In summary for Audiences: If you are targeting individuals with ads using contact lists, especially in GDPR regions, explicit consent is crucial. Make sure you have clear consent mechanisms in place, ideally integrated with your signup processes and CRM, and always offer opt-out options. For regions with implied consent, you can often rely on platform-provided opt-outs, but transparency and user control are still recommended best practices.
3. Audiences (Company Lists for Targeting)
- What are Company Lists? On platforms like LinkedIn, you have the option to target entire companies rather than individual people. This involves uploading a list of company to the advertising platform. LinkedIn then matches these companies and shows your ads to individuals associated with those companies.
- Consent Requirements for Company Lists: Generally, you are not required to obtain consent at your end before uploading company lists to LinkedIn. This is because:
- Targeting Organizations, Not Individuals Directly: When you target companies, you are aiming your advertising at organizations as a whole, not specific individuals within those organizations. While individuals within those companies will ultimately see the ads, the targeting is based on company affiliation, which is considered public or professional information rather than sensitive personal data in the same way that direct contact information is.

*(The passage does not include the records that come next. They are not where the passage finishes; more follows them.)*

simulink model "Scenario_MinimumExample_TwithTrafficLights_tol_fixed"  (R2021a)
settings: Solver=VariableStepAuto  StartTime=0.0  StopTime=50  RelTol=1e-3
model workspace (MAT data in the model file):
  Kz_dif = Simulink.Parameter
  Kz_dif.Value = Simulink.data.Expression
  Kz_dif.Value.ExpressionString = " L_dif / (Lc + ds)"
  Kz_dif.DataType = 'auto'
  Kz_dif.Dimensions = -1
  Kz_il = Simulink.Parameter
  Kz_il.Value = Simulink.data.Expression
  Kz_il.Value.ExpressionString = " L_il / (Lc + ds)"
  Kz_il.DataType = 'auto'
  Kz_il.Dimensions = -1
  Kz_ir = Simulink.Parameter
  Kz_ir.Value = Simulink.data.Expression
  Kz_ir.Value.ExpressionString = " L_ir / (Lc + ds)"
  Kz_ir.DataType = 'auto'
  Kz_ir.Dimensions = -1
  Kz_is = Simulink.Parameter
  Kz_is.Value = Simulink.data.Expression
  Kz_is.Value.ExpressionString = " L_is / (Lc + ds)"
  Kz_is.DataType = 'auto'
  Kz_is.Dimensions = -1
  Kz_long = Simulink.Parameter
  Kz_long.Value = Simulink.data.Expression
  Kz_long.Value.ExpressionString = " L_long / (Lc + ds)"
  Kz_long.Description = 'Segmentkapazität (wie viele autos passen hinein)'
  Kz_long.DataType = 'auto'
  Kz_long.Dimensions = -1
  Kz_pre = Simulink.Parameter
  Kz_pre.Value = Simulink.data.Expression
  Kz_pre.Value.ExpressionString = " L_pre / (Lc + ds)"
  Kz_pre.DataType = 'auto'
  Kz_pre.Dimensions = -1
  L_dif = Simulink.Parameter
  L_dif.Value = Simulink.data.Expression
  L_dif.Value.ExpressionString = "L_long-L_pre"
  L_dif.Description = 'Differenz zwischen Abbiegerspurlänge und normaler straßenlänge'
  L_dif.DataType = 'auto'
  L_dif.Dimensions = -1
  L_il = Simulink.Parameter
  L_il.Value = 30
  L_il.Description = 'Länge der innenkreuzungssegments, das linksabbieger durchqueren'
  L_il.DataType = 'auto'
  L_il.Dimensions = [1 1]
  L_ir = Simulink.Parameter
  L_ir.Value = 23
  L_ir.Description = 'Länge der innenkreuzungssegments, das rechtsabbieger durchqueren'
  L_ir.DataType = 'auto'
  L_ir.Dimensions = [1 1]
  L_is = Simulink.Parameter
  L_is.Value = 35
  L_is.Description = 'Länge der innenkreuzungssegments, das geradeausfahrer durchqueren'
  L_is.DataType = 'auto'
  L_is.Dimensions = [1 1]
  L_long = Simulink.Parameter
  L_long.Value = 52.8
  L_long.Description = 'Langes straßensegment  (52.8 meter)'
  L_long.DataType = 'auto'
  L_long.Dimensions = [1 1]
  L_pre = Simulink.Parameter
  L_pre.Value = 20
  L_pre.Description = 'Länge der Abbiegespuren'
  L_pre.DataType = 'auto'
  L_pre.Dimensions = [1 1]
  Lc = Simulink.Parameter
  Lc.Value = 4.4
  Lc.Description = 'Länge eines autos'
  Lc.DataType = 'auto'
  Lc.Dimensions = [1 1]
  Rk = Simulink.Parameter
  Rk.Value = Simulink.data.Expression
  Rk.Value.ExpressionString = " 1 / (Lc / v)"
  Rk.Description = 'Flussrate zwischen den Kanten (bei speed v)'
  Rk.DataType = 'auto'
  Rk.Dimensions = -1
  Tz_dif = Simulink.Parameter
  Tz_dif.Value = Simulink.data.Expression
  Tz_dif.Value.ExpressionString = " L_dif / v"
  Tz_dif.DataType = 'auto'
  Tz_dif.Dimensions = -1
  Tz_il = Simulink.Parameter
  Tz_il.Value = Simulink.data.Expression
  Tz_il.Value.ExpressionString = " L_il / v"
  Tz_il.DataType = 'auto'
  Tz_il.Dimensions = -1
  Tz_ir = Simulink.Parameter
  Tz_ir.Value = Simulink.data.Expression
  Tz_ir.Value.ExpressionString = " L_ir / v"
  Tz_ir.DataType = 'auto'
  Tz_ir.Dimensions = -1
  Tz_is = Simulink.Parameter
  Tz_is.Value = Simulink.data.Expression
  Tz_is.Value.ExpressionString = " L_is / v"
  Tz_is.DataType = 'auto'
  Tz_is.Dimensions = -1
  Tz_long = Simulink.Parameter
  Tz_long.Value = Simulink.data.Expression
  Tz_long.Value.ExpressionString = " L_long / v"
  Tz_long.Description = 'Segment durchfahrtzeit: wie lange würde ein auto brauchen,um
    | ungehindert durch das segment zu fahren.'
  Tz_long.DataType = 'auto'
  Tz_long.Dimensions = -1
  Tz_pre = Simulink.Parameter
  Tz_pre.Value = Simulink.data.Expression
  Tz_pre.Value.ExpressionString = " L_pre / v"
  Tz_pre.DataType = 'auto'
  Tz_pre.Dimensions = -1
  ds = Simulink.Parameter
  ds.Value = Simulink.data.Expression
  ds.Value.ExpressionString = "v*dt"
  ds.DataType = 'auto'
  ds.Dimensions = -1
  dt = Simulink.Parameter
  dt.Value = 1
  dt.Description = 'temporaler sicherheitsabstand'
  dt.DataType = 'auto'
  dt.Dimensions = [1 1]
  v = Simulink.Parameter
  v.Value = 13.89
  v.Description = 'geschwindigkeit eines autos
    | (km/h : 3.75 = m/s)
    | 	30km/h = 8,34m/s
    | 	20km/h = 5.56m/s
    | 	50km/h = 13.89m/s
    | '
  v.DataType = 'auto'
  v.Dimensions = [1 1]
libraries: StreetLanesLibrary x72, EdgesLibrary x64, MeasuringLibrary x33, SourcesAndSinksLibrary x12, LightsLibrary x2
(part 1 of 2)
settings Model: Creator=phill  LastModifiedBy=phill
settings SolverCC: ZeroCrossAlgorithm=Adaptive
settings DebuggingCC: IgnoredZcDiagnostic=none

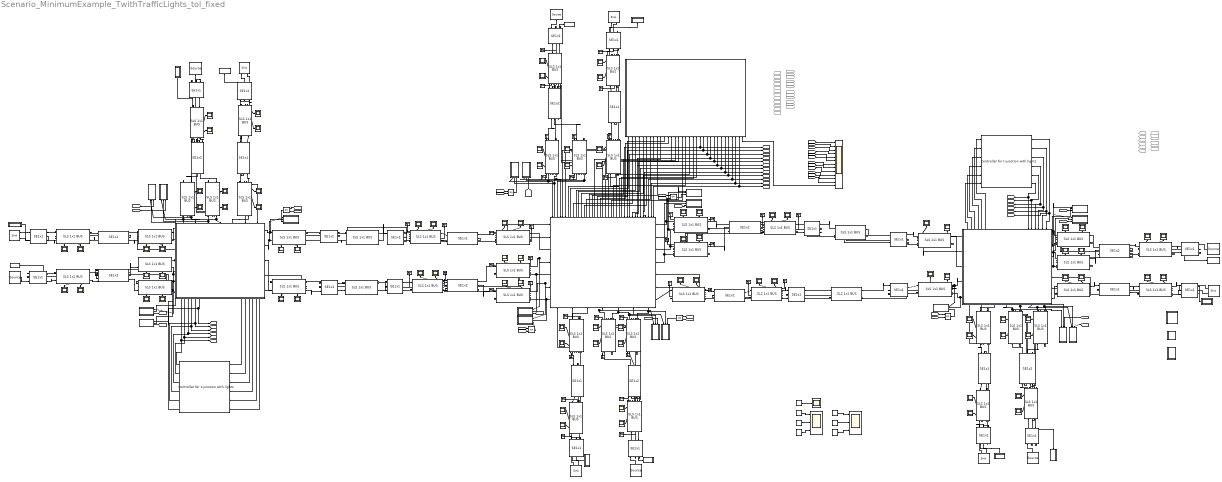
== system Scenario_MinimumExample_TwithTrafficLights_tol_fixed ==
  Ain : StreetLanesLibrary/SLS 1x1 BUS  Kz=Kz_dif  Tz=Tz_dif
  Ain2 : StreetLanesLibrary/SLS 1x1 BUS  Kz=Kz_dif  Tz=Tz_dif
  Ain3 : StreetLanesLibrary/SLS 1x1 BUS  Kz=Kz_dif  Tz=Tz_dif
  AinSplit : EdgesLibrary/SE1x2  Rk1=0.5*Rk  Rk2=0.5*Rk
  AinSplit2 : EdgesLibrary/SE1x2  Rk1=0.5*Rk  Rk2=0.5*Rk
  AinSplit3 : EdgesLibrary/SE1x2  Rk1=0.5*Rk  Rk2=0.5*Rk
  AinX : Scope
  AinX2 : Scope
  AinX3 : Scope
  AinY : Scope
  AinY2 : Scope
  AinY3 : Scope
  Al : StreetLanesLibrary/SLS 1x1 BUS  Kz=Kz_pre  Tz=Tz_pre
  AlX : Scope
  AlY : Scope
  Ali1 : StreetLanesLibrary/SLS 1x1 BUS  Kz=Kz_pre  Tz=Tz_pre
  Ali2 : StreetLanesLibrary/SLS 1x1 BUS  Kz=Kz_pre  Tz=Tz_pre
  AliX1 : Scope
  AliX2 : Scope
  AliY1 : Scope
  AliY2 : Scope
  Ao : StreetLanesLibrary/SLS 1x1 BUS  Kz=Kz_pre  Tz=Tz_pre
  Ao2 : StreetLanesLibrary/SLS 1x1 BUS  Kz=Kz_pre  Tz=Tz_pre
  Ao3 : StreetLanesLibrary/SLS 1x1 BUS  Kz=Kz_pre  Tz=Tz_pre
  AoX : Scope
  AoX2 : Scope
  AoX3 : Scope
  AoY : Scope
  AoY2 : Scope
  AoY3 : Scope
  Aout : StreetLanesLibrary/SLS 1x1 BUS  Kz=Kz_dif  Tz=Tz_dif
  Aout2 : StreetLanesLibrary/SLS 1x1 BUS  Kz=Kz_dif  Tz=Tz_dif
  Aout3 : StreetLanesLibrary/SLS 1x1 BUS  Kz=Kz_dif  Tz=Tz_dif
  AoutX : Scope
  AoutX2 : Scope
  AoutX3 : Scope
  AoutY : Scope
  AoutY2 : Scope
  AoutY3 : Scope
  Ari1 : StreetLanesLibrary/SLS 1x1 BUS  Kz=Kz_pre  Tz=Tz_pre
  Ari2 : StreetLanesLibrary/SLS 1x1 BUS  Kz=Kz_pre  Tz=Tz_pre
  AriX1 : Scope
  AriX2 : Scope
  AriY1 : Scope
  AriY2 : Scope
  Ars : StreetLanesLibrary/SLS 1x1 BUS  Kz=Kz_pre  Tz=Tz_pre
  ArsX : Scope
  ArsY : Scope
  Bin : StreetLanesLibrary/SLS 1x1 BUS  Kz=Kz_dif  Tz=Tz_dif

- LinkedIn's Platform Responsibility: LinkedIn, as the platform, takes on the responsibility of ensuring compliance and user privacy within their own environment. They have mechanisms in place for individuals to manage their privacy settings and control the types of ads they see, including those targeted at their company.
- Publicly Available Information: Company information (like company name, industry, size, etc.) is generally considered business or professional information and is often publicly available. Using this type of information for B2B advertising is generally considered within reasonable business practices.
In summary for Company Lists: When targeting companies on LinkedIn using company lists, you generally do not need to collect consent from individuals or companies in advance. This is because you are targeting organizations, using professional/public information, and relying on LinkedIn's platform for individual privacy controls. However, use reputable data sources for your company lists and ensure your advertising is relevant and follows platform policies.